According to Johnny C. Taylor, president and chief executive officer of the Society for Human Resource Management (SHRM), employers will easily be able to offer employees better options for paid leave and general working conditions while maintaining the ability to reach business goals with the enactment of the Workflex in the 21st Century Act. On July 24 Taylor testified to the House Subcommittee on Health, Employment, Labor, and Pensions in regards to the workflex bill.
“Today’s employers all share the same challenge: attracting and maintaining a high-quality workforce,” Taylor said at the hearing. This is due to the fact that the “war for talent’ is now waging in the workforce because of record-low unemployment and an accelerating economy.
The way people work has changed over time and an increasing number of workers are seeking jobs with flexible work arrangements in order to meet life’s demands. “But outdated workplace rules and government-mandated leave requirements make it hard for employers to offer the arrangements that employees want,” he said.
This is where the workflex bill, H.R. 4219, comes into play. The bill was introduced in November 2017, by Rep. Mimi Walters, R-California. Taylor says that the bill will give employers the ability to provide leave and flexibility to their employees, help companies with attracting and retaining necessary talent, and therefore business will be allowed to grow and thrive.
As of right now, there are 10 states and more than 30 localities with paid-sick-leave requirements, but each of them has their own definition of terms, accrual rates, employee eligibility rules, record-keeping and reporting requirements, and thresholds for triggering coverage. Because of the multiple different adaptations of the paid-sick-leave rules, there are many inconsistencies which makes it hard for employers to manage their businesses.

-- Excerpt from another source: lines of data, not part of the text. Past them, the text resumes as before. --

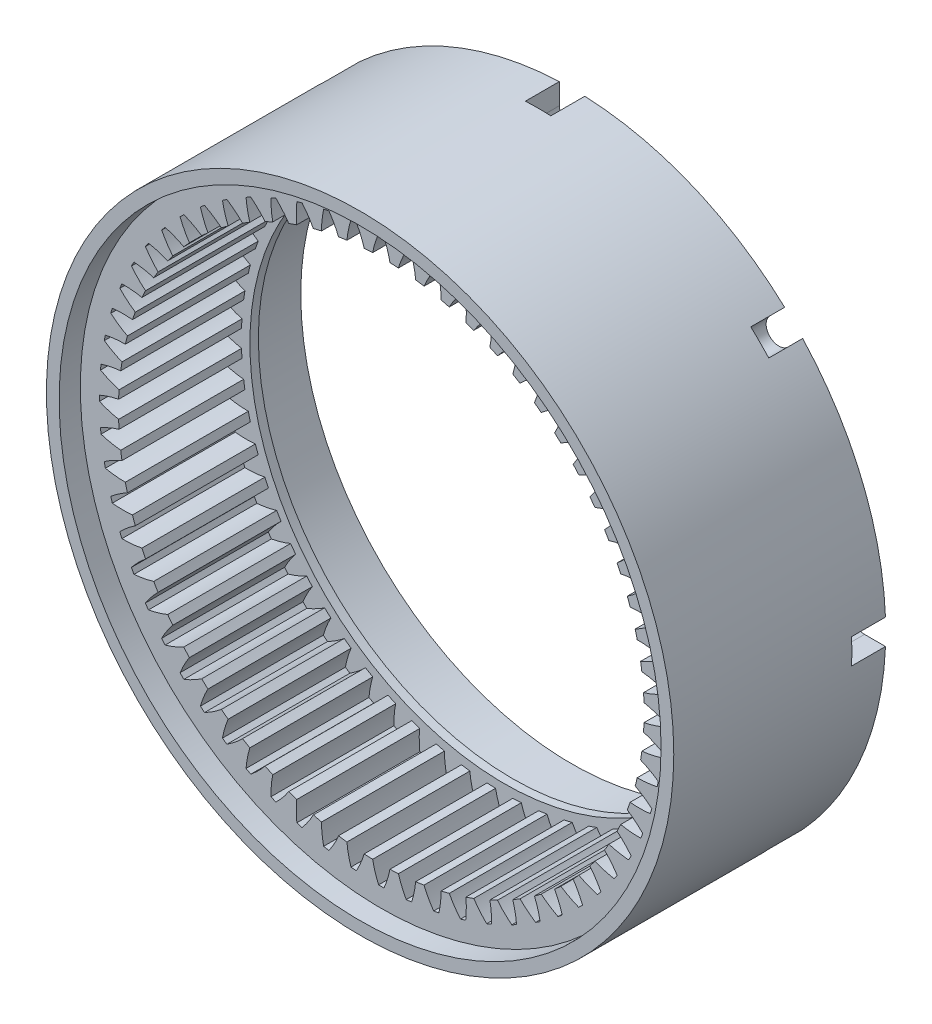
SolidWorks part; units mm, degrees
ref_plane "中间平面" through (0, 0, 0) normal (0, 0, 1) x (1, 0, 0)
ref_plane "上视基准面" through (0, 0, 0) normal (0, 1, 0) x (1, 0, 0)
ref_plane "右视基准面" through (0, 0, 0) normal (1, 0, 0) x (0, 0, -1)
sketch "直内齿圈" plane through (0, 0, 0) normal (0, 0, 1) x (1, 0, 0)
  line L2 (1.1126, 30.0496) -> (0, 0)
  line L3 (0, 0) -> (0, 52) construction
  line L6 (0, 0) -> (-1.1126, 30.0496)
  circle A0 centre (0, 0) radius 30.0702
  circle A1 centre (0, 0) radius 31
  arc A2 (0.7853, 31.9904) -> (-0.7853, 31.9904) centre (0, 0) ccw
  circle A3 centre (0, 0) radius 33.25
  spline S0 degree 4 poles (0.6231, 30.2093) (0.6247, 30.2665) (0.6245, 30.3808) (0.6099, 30.6092) (0.5686, 30.9387) (0.5006, 31.3107) (0.3795, 31.8238) (0.1789, 32.4984) (-0.1334, 33.3335) (-0.7871, 34.7448) (-1.9095, 36.6004) (-3.7891, 38.9795) (-6.6334, 41.6407) (-10.1453, 44.0849) (-14.2563, 46.1708) (-18.5912, 47.7318) (-23.0731, 48.793) (-27.866, 49.4088) (-33.8487, 49.5485) (-40.9565, 48.7992) (-49.0028, 46.7317) (-56.4186, 43.538) (-62.3896, 40.064) (-68.0113, 36.0624) (-72.3853, 32.3212) (-76.4235, 28.2214) (-80.1088, 23.8083) (-82.8395, 20.1071) (-85.9752, 15.2884) (-89.2868, 9.2305) (-92.0249, 2.8875) (-94.1847, -3.6686) (-95.4586, -8.6827) (-96.1644, -12.0587) (-96.6572, -14.8884) (-96.9526, -16.88) (-97.1699, -18.5861) (-97.317, -19.9189) (-97.4097, -20.845) (-97.487, -21.7091) (-97.544, -22.3926) (-97.61, -23.2933) (-97.6524, -23.9388) (-97.7135, -24.9885) (-97.7502, -25.8154) (-97.7971, -27.0328) (-97.8222, -28.1504) (-97.837, -29.3357) (-97.8341, -30.4808) (-97.8242, -31.4154) (-97.7998, -32.5703) (-97.7534, -33.9638) (-97.6846, -35.351) (-97.5943, -36.7409) (-97.5223, -37.6645) (-97.4835, -38.1272) (-97.4633, -38.3579) knots 0 0 0 0 0 0.001401 0.002802 0.005604 0.008133 0.010661 0.015718 0.022839 0.02996 0.048734 0.068727 0.096889 0.125051 0.153212 0.181374 0.209535 0.237696 0.271429 0.327752 0.384075 0.440398 0.46856 0.496721 0.553044 0.581206 0.609367 0.637529 0.66569 0.722013 0.778336 0.806497 0.834659 0.84874 0.86282 0.876901 0.883942 0.890982 0.895509 0.900036 0.904564 0.909091 0.914773 0.920455 0.926136 0.931818 0.943182 0.948864 0.954545 0.960227 0.965909 0.977273 0.988636 0.994318 1 1 1 1 1 construction
  spline S1 degree 4 poles (1.1126, 30.0496) (1.1144, 30.1069) (1.1145, 30.2216) (1.1007, 30.4508) (1.0603, 30.7815) (0.9934, 31.1548) (0.8736, 31.67) (0.6747, 32.3474) (0.3641, 33.1862) (-0.2869, 34.6041) (-1.4067, 36.4695) (-3.2843, 38.8623) (-6.1287, 41.5415) (-9.6437, 44.0053) (-13.7607, 46.1115) (-18.1042, 47.6919) (-22.5968, 48.7716) (-27.4029, 49.4053) (-33.4041, 49.5655) (-40.5369, 48.8375) (-48.6157, 46.7904) (-56.0657, 43.6113) (-62.0674, 40.1463) (-67.7203, 36.1508) (-72.1207, 32.4123) (-76.1855, 28.313) (-79.8972, 23.8982) (-82.6489, 20.1944) (-85.8107, 15.3708) (-89.1531, 9.3048) (-91.9211, 2.9508) (-94.1097, -3.6189) (-95.4044, -8.6447) (-96.1237, -12.029) (-96.6275, -14.8661) (-96.9305, -16.863) (-97.1543, -18.5739) (-97.3063, -19.9104) (-97.4023, -20.8391) (-97.4828, -21.7057) (-97.5286, -22.2339) (-97.5616, -22.6498) (-97.5777, -22.8599) (-97.579, -22.8757) knots 0 0 0 0 0 0.001401 0.002802 0.005604 0.008133 0.010661 0.015718 0.022839 0.02996 0.048734 0.068727 0.096889 0.125051 0.153212 0.181374 0.209535 0.237696 0.271429 0.327752 0.384075 0.440398 0.46856 0.496721 0.553044 0.581206 0.609367 0.637529 0.66569 0.722013 0.778336 0.806497 0.834659 0.84874 0.86282 0.876901 0.883942 0.890982 0.895509 0.900036 0.904564 0.904934 0.904934 0.904934 0.904934 0.904934
  spline S2 degree 4 poles (-0.6231, 30.2093) (-0.6247, 30.2665) (-0.6245, 30.3808) (-0.6099, 30.6092) (-0.5686, 30.9387) (-0.5006, 31.3107) (-0.3795, 31.8238) (-0.1789, 32.4984) (0.1334, 33.3335) (0.7871, 34.7448) (1.9095, 36.6004) (3.7891, 38.9795) (6.6334, 41.6407) (10.1453, 44.0849) (14.2563, 46.1708) (18.5912, 47.7318) (23.0731, 48.793) (27.866, 49.4088) (33.8487, 49.5485) (40.9565, 48.7992) (49.0028, 46.7317) (56.4186, 43.538) (62.3896, 40.064) (68.0113, 36.0624) (72.3853, 32.3212) (76.4235, 28.2214) (80.1088, 23.8083) (82.8395, 20.1071) (85.9752, 15.2884) (89.2868, 9.2305) (92.0249, 2.8875) (94.1847, -3.6686) (95.4586, -8.6827) (96.1644, -12.0587) (96.6572, -14.8884) (96.9526, -16.88) (97.1699, -18.5861) (97.317, -19.9189) (97.4097, -20.845) (97.487, -21.7091) (97.544, -22.3926) (97.61, -23.2933) (97.6524, -23.9388) (97.7135, -24.9885) (97.7502, -25.8154) (97.7971, -27.0328) (97.8222, -28.1504) (97.837, -29.3357) (97.8341, -30.4808) (97.8242, -31.4154) (97.7998, -32.5703) (97.7534, -33.9638) (97.6846, -35.351) (97.5943, -36.7409) (97.5223, -37.6645) (97.4835, -38.1272) (97.4633, -38.3579) knots 0 0 0 0 0 0.001401 0.002802 0.005604 0.008133 0.010661 0.015718 0.022839 0.02996 0.048734 0.068727 0.096889 0.125051 0.153212 0.181374 0.209535 0.237696 0.271429 0.327752 0.384075 0.440398 0.46856 0.496721 0.553044 0.581206 0.609367 0.637529 0.66569 0.722013 0.778336 0.806497 0.834659 0.84874 0.86282 0.876901 0.883942 0.890982 0.895509 0.900036 0.904564 0.909091 0.914773 0.920455 0.926136 0.931818 0.943182 0.948864 0.954545 0.960227 0.965909 0.977273 0.988636 0.994318 1 1 1 1 1 construction
  spline S3 degree 4 poles (-1.1126, 30.0496) (-1.1144, 30.1069) (-1.1145, 30.2216) (-1.1007, 30.4508) (-1.0603, 30.7815) (-0.9934, 31.1548) (-0.8736, 31.67) (-0.6747, 32.3474) (-0.3641, 33.1862) (0.2869, 34.6041) (1.4067, 36.4695) (3.2843, 38.8623) (6.1287, 41.5415) (9.6437, 44.0053) (13.7607, 46.1115) (18.1042, 47.6919) (22.5968, 48.7716) (27.4029, 49.4053) (33.4041, 49.5655) (40.5369, 48.8375) (48.6157, 46.7904) (56.0657, 43.6113) (62.0674, 40.1463) (67.7203, 36.1508) (72.1207, 32.4123) (76.1855, 28.313) (79.8972, 23.8982) (82.6489, 20.1944) (85.8107, 15.3708) (89.1531, 9.3048) (91.9211, 2.9508) (94.1097, -3.6189) (95.4044, -8.6447) (96.1237, -12.029) (96.6275, -14.8661) (96.9305, -16.863) (97.1543, -18.5739) (97.3063, -19.9104) (97.4023, -20.8391) (97.4828, -21.7057) (97.5286, -22.2339) (97.5616, -22.6498) (97.5777, -22.8599) (97.579, -22.8757) knots 0 0 0 0 0 0.001401 0.002802 0.005604 0.008133 0.010661 0.015718 0.022839 0.02996 0.048734 0.068727 0.096889 0.125051 0.153212 0.181374 0.209535 0.237696 0.271429 0.327752 0.384075 0.440398 0.46856 0.496721 0.553044 0.581206 0.609367 0.637529 0.66569 0.722013 0.778336 0.806497 0.834659 0.84874 0.86282 0.876901 0.883942 0.890982 0.895509 0.900036 0.904564 0.904934 0.904934 0.904934 0.904934 0.904934
  point P8 (0, 32)
  dimension "基圆直径" = 60.1403
  dimension "齿顶圆" = 62
  dimension "分度圆" = 64
  dimension "齿根圆" = 66.5
  dimension "D1" = 1.5708
sketch "圆" plane through (0, 0, 0) normal (0, 0, 1) x (1, 0, 0)
  circle A1 centre (0, 0) radius 37
  circle A2 centre (0, 0) radius 31 construction
  circle A3 centre (0, 0) radius 31
  dimension "D1" = 74
extrude "毛胚" add sketch "圆" along normal mid plane 17
chamfer "轮齿倒角" [suppressed] distance 0.001 angle 45
sketch "齿形" plane through (0, 0, 0) normal (0, 0, 1) x (1, 0, 0)
  line L4 (0, 0) -> (-1.1126, 30.0496) construction
  line L5 (1.1126, 30.0496) -> (0, 0) construction
  line L6 (0, 0) -> (-1.1126, 30.0496)
  line L7 (1.1126, 30.0496) -> (0, 0)
  circle A4 centre (0, 0) radius 31 construction
  circle A5 centre (0, 0) radius 33.25 construction
  circle A6 centre (0, 0) radius 31
  circle A7 centre (0, 0) radius 33.25
  spline S1 degree 4 poles (-997.7624, -49.0339) (33.5388, 25.1114) (-0.0477, 25.6108) (-1.3727, 28.223) (-1.0603, 30.7815) (-0.9934, 31.1548) (-0.8736, 31.67) (-0.6747, 32.3474) (-0.3641, 33.1862) (0.2869, 34.6041) (1.4067, 36.4695) (3.2843, 38.8623) (6.1287, 41.5415) (9.6437, 44.0053) (13.7607, 46.1115) (18.1042, 47.6919) (22.5968, 48.7716) (27.4029, 49.4053) (33.4041, 49.5655) (40.5369, 48.8375) (48.6157, 46.7904) (56.0657, 43.6113) (62.0674, 40.1463) (67.7203, 36.1508) (72.1207, 32.4123) (76.1855, 28.313) (79.8972, 23.8982) (82.6489, 20.1944) (85.8107, 15.3708) (89.1531, 9.3048) (91.9211, 2.9508) (94.1097, -3.6189) (95.4044, -8.6447) (96.1237, -12.029) (96.6275, -14.8661) (96.9305, -16.863) (97.1543, -18.5739) (97.3063, -19.9104) (97.4023, -20.8391) (97.4828, -21.7057) (97.7258, -24.5056) (98.0635, -30.3423) (94.9011, 12.6201) (166.7604, -1020.1603) knots -0.054796 -0.054796 -0.054796 -0.054796 -0.054796 0.001401 0.002802 0.005604 0.008133 0.010661 0.015718 0.022839 0.02996 0.048734 0.068727 0.096889 0.125051 0.153212 0.181374 0.209535 0.237696 0.271429 0.327752 0.384075 0.440398 0.46856 0.496721 0.553044 0.581206 0.609367 0.637529 0.66569 0.722013 0.778336 0.806497 0.834659 0.84874 0.86282 0.876901 0.883942 0.890982 0.895509 0.900036 0.904564 0.964947 0.964947 0.964947 0.964947 0.964947 only from (-1.1126, 30.0496) to (97.579, -22.8757) construction
  spline S3 degree 4 poles (997.7624, -49.0339) (-33.5388, 25.1114) (0.0477, 25.6108) (1.3727, 28.223) (1.0603, 30.7815) (0.9934, 31.1548) (0.8736, 31.67) (0.6747, 32.3474) (0.3641, 33.1862) (-0.2869, 34.6041) (-1.4067, 36.4695) (-3.2843, 38.8623) (-6.1287, 41.5415) (-9.6437, 44.0053) (-13.7607, 46.1115) (-18.1042, 47.6919) (-22.5968, 48.7716) (-27.4029, 49.4053) (-33.4041, 49.5655) (-40.5369, 48.8375) (-48.6157, 46.7904) (-56.0657, 43.6113) (-62.0674, 40.1463) (-67.7203, 36.1508) (-72.1207, 32.4123) (-76.1855, 28.313) (-79.8972, 23.8982) (-82.6489, 20.1944) (-85.8107, 15.3708) (-89.1531, 9.3048) (-91.9211, 2.9508) (-94.1097, -3.6189) (-95.4044, -8.6447) (-96.1237, -12.029) (-96.6275, -14.8661) (-96.9305, -16.863) (-97.1543, -18.5739) (-97.3063, -19.9104) (-97.4023, -20.8391) (-97.4828, -21.7057) (-97.7258, -24.5056) (-98.0635, -30.3423) (-94.9011, 12.6201) (-166.7604, -1020.1603) knots -0.054796 -0.054796 -0.054796 -0.054796 -0.054796 0.001401 0.002802 0.005604 0.008133 0.010661 0.015718 0.022839 0.02996 0.048734 0.068727 0.096889 0.125051 0.153212 0.181374 0.209535 0.237696 0.271429 0.327752 0.384075 0.440398 0.46856 0.496721 0.553044 0.581206 0.609367 0.637529 0.66569 0.722013 0.778336 0.806497 0.834659 0.84874 0.86282 0.876901 0.883942 0.890982 0.895509 0.900036 0.904564 0.964947 0.964947 0.964947 0.964947 0.964947 only from (1.1126, 30.0496) to (-97.579, -22.8757) construction
  spline S4 degree 4 poles (-1.1126, 30.0496) (-1.1144, 30.1069) (-1.1145, 30.2216) (-1.1007, 30.4508) (-1.0603, 30.7815) (-0.9934, 31.1548) (-0.8736, 31.67) (-0.6747, 32.3474) (-0.3641, 33.1862) (0.2869, 34.6041) (1.4067, 36.4695) (3.2843, 38.8623) (6.1287, 41.5415) (9.6437, 44.0053) (13.7607, 46.1115) (18.1042, 47.6919) (22.5968, 48.7716) (27.4029, 49.4053) (33.4041, 49.5655) (40.5369, 48.8375) (48.6157, 46.7904) (56.0657, 43.6113) (62.0674, 40.1463) (67.7203, 36.1508) (72.1207, 32.4123) (76.1855, 28.313) (79.8972, 23.8982) (82.6489, 20.1944) (85.8107, 15.3708) (89.1531, 9.3048) (91.9211, 2.9508) (94.1097, -3.6189) (95.4044, -8.6447) (96.1237, -12.029) (96.6275, -14.8661) (96.9305, -16.863) (97.1543, -18.5739) (97.3063, -19.9104) (97.4023, -20.8391) (97.4828, -21.7057) (97.5286, -22.2339) (97.5616, -22.6498) (97.5777, -22.8599) (97.579, -22.8757) knots 0 0 0 0 0 0.001401 0.002802 0.005604 0.008133 0.010661 0.015718 0.022839 0.02996 0.048734 0.068727 0.096889 0.125051 0.153212 0.181374 0.209535 0.237696 0.271429 0.327752 0.384075 0.440398 0.46856 0.496721 0.553044 0.581206 0.609367 0.637529 0.66569 0.722013 0.778336 0.806497 0.834659 0.84874 0.86282 0.876901 0.883942 0.890982 0.895509 0.900036 0.904564 0.904934 0.904934 0.904934 0.904934 0.904934
  spline S5 degree 4 poles (1.1126, 30.0496) (1.1144, 30.1069) (1.1145, 30.2216) (1.1007, 30.4508) (1.0603, 30.7815) (0.9934, 31.1548) (0.8736, 31.67) (0.6747, 32.3474) (0.3641, 33.1862) (-0.2869, 34.6041) (-1.4067, 36.4695) (-3.2843, 38.8623) (-6.1287, 41.5415) (-9.6437, 44.0053) (-13.7607, 46.1115) (-18.1042, 47.6919) (-22.5968, 48.7716) (-27.4029, 49.4053) (-33.4041, 49.5655) (-40.5369, 48.8375) (-48.6157, 46.7904) (-56.0657, 43.6113) (-62.0674, 40.1463) (-67.7203, 36.1508) (-72.1207, 32.4123) (-76.1855, 28.313) (-79.8972, 23.8982) (-82.6489, 20.1944) (-85.8107, 15.3708) (-89.1531, 9.3048) (-91.9211, 2.9508) (-94.1097, -3.6189) (-95.4044, -8.6447) (-96.1237, -12.029) (-96.6275, -14.8661) (-96.9305, -16.863) (-97.1543, -18.5739) (-97.3063, -19.9104) (-97.4023, -20.8391) (-97.4828, -21.7057) (-97.5286, -22.2339) (-97.5616, -22.6498) (-97.5777, -22.8599) (-97.579, -22.8757) knots 0 0 0 0 0 0.001401 0.002802 0.005604 0.008133 0.010661 0.015718 0.022839 0.02996 0.048734 0.068727 0.096889 0.125051 0.153212 0.181374 0.209535 0.237696 0.271429 0.327752 0.384075 0.440398 0.46856 0.496721 0.553044 0.581206 0.609367 0.637529 0.66569 0.722013 0.778336 0.806497 0.834659 0.84874 0.86282 0.876901 0.883942 0.890982 0.895509 0.900036 0.904564 0.904934 0.904934 0.904934 0.904934 0.904934
extrude "插齿" cut sketch "齿形" against normal mid plane 17 contours A6 S5 A7 S4
pattern_circular "圆周阵列" count 64 over 360 about axis through (0, 0, 8.5) along (0, 0, -1) of "插齿"
sketch "分度圆" plane through (0, 0, 0) normal (0, 0, 1) x (1, 0, 0)
  circle A0 centre (0, 0) radius 32 construction
  circle A1 centre (0, 0) radius 32 construction
sketch "草图1" plane through (0, 0, 8.5) normal (0, 0, 1) x (1, 0, 0)
  circle A0 centre (0, 0) radius 35.5
  dimension "D1" = 71
extrude "切除-拉伸1" cut sketch "草图1" against normal blind 2.5
sketch "草图2" plane through (0, 0, -8.5) normal (0, 0, -1) x (-1, 0, 0)
  circle A0 centre (0, 0) radius 37
extrude "凸台-拉伸1" add sketch "草图2" along normal blind 8
sketch "草图3" plane through (0, 0, -8.5) normal (0, 0, 1) x (1, 0, 0)
  circle A0 centre (0, 0) radius 30
  dimension "D1" = 60
extrude "切除-拉伸2" cut sketch "草图3" against normal blind 8
sketch "草图4" plane through (0, 0, -16.5) normal (0, 0, -1) x (-1, 0, 0)
  circle A0 centre (0, 0) radius 32
  dimension "D1" = 64
extrude "切除-拉伸3" cut sketch "草图4" against normal blind 7
sketch "草图5" plane through (0, 0, -16.5) normal (0, 0, -1) x (-1, 0, 0)
  circle A3 centre (0, 0) radius 33
  circle A4 centre (0, 0) radius 33
  dimension "D1" = 1
extrude "切除-拉伸4" cut sketch "草图5" against normal blind 4 flip side to cut
sketch "草图6" plane through (0, 0, -12.5) normal (0, 0, -1) x (-1, 0, 0)
  circle A0 centre (0, 0) radius 37
extrude "拉伸-薄壁1" add sketch "草图6" along normal blind 4 thin thin type one direction reverse wall 1
sketch "草图7" plane through (0, 0, -12.5) normal (0, 0, -1) x (-1, 0, 0)
  line L0 (0, 37) -> (0, 34.5) construction
  line L1 (2.5, 37) -> (2.5, 34.5)
  line L2 (-2.5, 37) -> (-2.5, 34.5)
  circle A0 centre (0, 0) radius 37 construction
  arc A1 (2.5, 37) -> (-2.5, 37) centre (0, 37) ccw
  arc A2 (-2.5, 34.5) -> (2.5, 34.5) centre (0, 34.5) ccw
  point P6 (0, 35.75)
  dimension "D1" = 2.5
  dimension "D2" = 34.5
extrude "凸台-拉伸2" add sketch "草图7" along normal blind 4
sketch "草图8" plane through (0, 0, -16.5) normal (0, 0, -1) x (-1, 0, 0)
  line L4 (1.5, 34.5) -> (1.5, 37)
  line L5 (-1.5, 37) -> (-1.5, 34.5)
  line L6 (1.5, 34.5) -> (1.5, 37)
  line L7 (-1.5, 37) -> (-1.5, 34.5)
  arc A5 (-1.5, 34.5) -> (1.5, 34.5) centre (0, 34.5) ccw
  arc A6 (1.5, 37) -> (-1.5, 37) centre (0, 37) ccw
  arc A7 (-1.5, 34.5) -> (1.5, 34.5) centre (0, 34.5) ccw
  arc A8 (1.5, 37) -> (-1.5, 37) centre (0, 37) ccw
  dimension "D1" = 1
extrude "切除-拉伸5" cut sketch "草图8" against normal blind 4
pattern_circular "阵列(圆周)1" count 8 over 360 about axis through (0, 0, 0) along (0, 0, 1) of "凸台-拉伸2", "切除-拉伸5"
equation "\"D1\"= \"R\""
equation "\"m\" = 1'模数"
equation "\"z\" = 64'齿数"
equation "\"a\"= 20'压力角（常见为20°，一般不用修改）"
equation "\"B\" = 17'齿宽"
equation "\"D\" = 74'大圆值径（必须大于齿根圆，否则自动修正）"
equation "\"d1\"= 0'内径（若设为0或负数，则自动计算）"
equation "\"C1\"= 0'轮齿倒角（若设为0，则无倒角）"
equation "\"x\"= 0'变位系数（不懂勿动）"
equation "\"ha\"= 1'齿顶高系数（不懂勿动）"
equation "\"c\"= 0.25'顶隙系数（不懂勿动）"
equation "\"基圆直径@直内齿圈\" = \"m\" * \"z\" * cos ( \"a\" ) "
equation "\"齿顶圆@直内齿圈\" = IIF ( \"d1\" > 0 , \"d1\" , \"m\" *  ( \"z\" - 2 *  ( \"ha\" + \"x\" )  )  ) "
equation "\"分度圆@直内齿圈\" = \"m\" * \"z\""
equation "\"齿根圆@直内齿圈\" = \"m\" *  ( \"z\" + 2 *  ( \"ha\" + \"x\" + \"c\" )  ) "
equation "\"D1@毛胚\" = \"B\""
equation "\"D1@轮齿倒角\"= IIF ( \"C1\" > 0 , \"C1\" , 0.001 )"
equation "\"轮齿倒角\"= IIF ( \"C1\" > 0 , \"unsuppressed\" , \"suppressed\" )"
equation "\"D1@插齿\" = \"B\""
equation "\"D1@直内齿圈\" = \"m\" *  ( pi / 2 )  - 2 * \"m\" * tan ( \"a\" )  * \"x\""
equation "\"D1@圆周阵列\" = \"z\""
equation "\"D1@圆\"= IIF ( \"D\" > \"m\" * ( \"z\" + 2 * ( \"ha\" + \"x\" + \"c\" ) ) , \"D\" , int ( 1.1 * \"m\" * ( \"z\" + 2 * ( \"ha\" + \"x\" + \"c\" ) ) ) )"

The workflex bill is seen as a nationwide solution by its supporters. It offers more options and flexibility to employees and it promises employers predictability. The Employee Retirement Income Security Act (ERISA) will be modified by the bill. The modification will give employers the opportunity to voluntarily provide plans for a federal minimum standard of paid leave along with a workflex option like compressed work schedules or telecommuting.
Taylor stated that opting into the ERISA-covered workflex plan means employers would have the ability to grant uniform paid leave, instead of having to figure out the various requirements that state and local paid-sick-leave have. The bill would:
- Require voluntary employer participation.
- Grant every employee of a participating business paid leave and workflex options.
- Add to existing employer practices. Some companies are already offering said benefits.
Any full- or part-time employees that work at a company offering an ERISA workflex plan would have guaranteed paid leave that is more than all state and almost all local sick-leave requirements, under H.R. 4219. They would also have the ability to exercise their rights under the act without fear of retaliation because they’re protected by ERISA.
Any employer that opts out of participating still has to follow their state and local paid-leave requirements. “This means that no employee would lose paid leave under this bill,” Taylor said.